The long-term goal of our research is to develop more effective methods for the prevention and treatment of stroke. Our group uses clinical, neuroimaging and genetic characterization of patients with stroke in order to improve understanding of the risk and clinical course of cerebrovascular disease. In addition to our broad-based genetic studies, we continue to enroll patients with hemorrhagic and ischemic stroke in longitudinal studies of stroke outcome. All of our efforts involve collaborations with other groups, within the Department of Neurology, the Center for Human Genetic Research, the Broad Institute, and the Martinos Center for Biomedical Imaging, as well as within the International Stroke Genetics Consortium.

Genetic studies

Accumulating data suggest that genetic variation plays a substantial role in stroke risk. Research in our group is directed at discovering those so-called "culprit" genetic variants. A major thrust is the application of genome-wide association studies in patients with ischemic and hemorrhagic stroke. We are founding members of the International Stroke Genetics Consortium (www.strokegenetics.org), and our genome-wide association studies are all conducted in collaboration with Consortium members. An additional focus of our work is on the application of genetic discoveries to bedside decision-making, an ongoing collaboration with Mark Eckman at the University of Cincinnati and Brian Gage at Washington University.

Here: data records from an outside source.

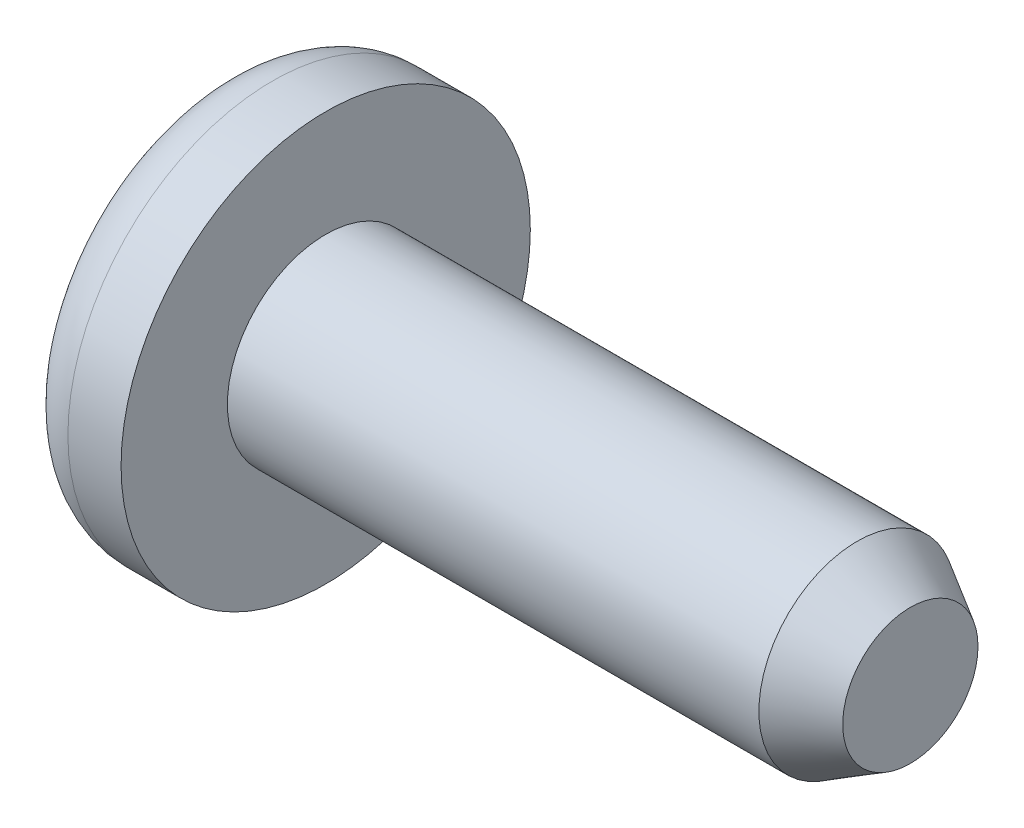
SolidWorks part; units mm, degrees
material "Plain Carbon Steel"
ref_plane "Front Plane" through (0, 0, 0) normal (0, 0, 1) x (1, 0, 0)
ref_plane "Top Plane" through (0, 0, 0) normal (0, 1, 0) x (1, 0, 0)
ref_plane "Right Plane" through (0, 0, 0) normal (1, 0, 0) x (0, 0, -1)
sketch "Sketch1" plane through (0, 0, 0) normal (1, 0, 0) x (0, 0, -1)
  circle A0 centre (0, 0) radius 2.3495
  dimension "D1" = 4.699
extrude "Boss-Extrude1" add sketch "Sketch1" along normal mid plane 13.97
sketch "Sketch2" plane through (0, 0, 0) normal (0, 1, 0) x (1, 0, 0)
  line L5 (-6.985, -2.3495) -> (6.985, -2.3495) construction
  line L6 (-9.525, 0) -> (-6.985, 0)
  line L8 (-9.525, 0) -> (-9.525, -3.6195)
  line L9 (-8.255, -4.8895) -> (-6.985, -4.8895)
  line L10 (-6.985, 0) -> (-6.985, -4.8895)
  line L11 (-6.985, 2.3495) -> (-6.985, -2.3495) construction
  arc A0 (-9.525, -3.6195) -> (-8.255, -4.8895) centre (-8.255, -3.6195) ccw
  point P12 (-9.525, -4.8895)
  dimension "D3" = 1.27
  dimension "D1" = 2.54
  dimension "D2" = 2.54
revolve "Revolve1" add sketch "Sketch2" angle 360 about L6
chamfer "Chamfer1" distance 1.27 angle 30 1 edges at (6.985, 0, -2.3495)

White matter hyperintensity

The chronic small vessel diseases that lead to symptomatic stroke can also be detected as radiographic white matter hyperintensity (WMH). WMH, visible on CT scan and MRI, is the most common manifestation of cerebrovascular disease in the elderly. Twin, sibling and pedigree studies have consistently demonstrated a powerful genetic contribution to WMH. The volume of WMH measured on MRI strongly predicts risk of symptomatic stroke and cognitive decline as well as gait deterioration and late-life depression. Effective prevention of WMH progression therefore holds the promise of transforming the human aging process and markedly reducing age-related disability for future generations. Work in our group is directed at discovering the genetic variants that govern WMH severity in patients with stroke as well characterizing the role of WMH in the brain's response to ischemic stroke.

Intracerebral hemorrhage

Intracerebral hemorrhage (ICH) is the most devastating acute manifestation of chronic progressive diseases of the cerebral small vessels. It is fatal in up to 50% of patients, and leaves the majority of survivors with substantial life-long disability. In a long-standing cohort study of patients with ICH, we use data from neuroimaging, clinical and genetic analyses to investigate the biological underpinnings of ICH, identify those patients at greatest risk for ongoing hemorrhage and neurological deterioration in the Emergency Department, and improve the care currently provided to ICH patients.

Anticoagulation and ICH

As the most feared complication of chronic anticoagulation, ICH plays a major role in decision-making for those patients at high risk for thromboembolic stroke. Anticoagulation, while beneficial for preventing such strokes, increases the risk of ICH and worsens the severity of the hemorrhage when it occurs. Decision modeling suggests that an individual's risk for ICH powerfully affects the risk-benefit balance of anticoagulation. Work in our group seeks to clarify the risk factors for anticoagulant-related ICH, the effect of anticoagulation on ICH severity as well as identify ways to improve emergency care for anticoagulant-related ICH.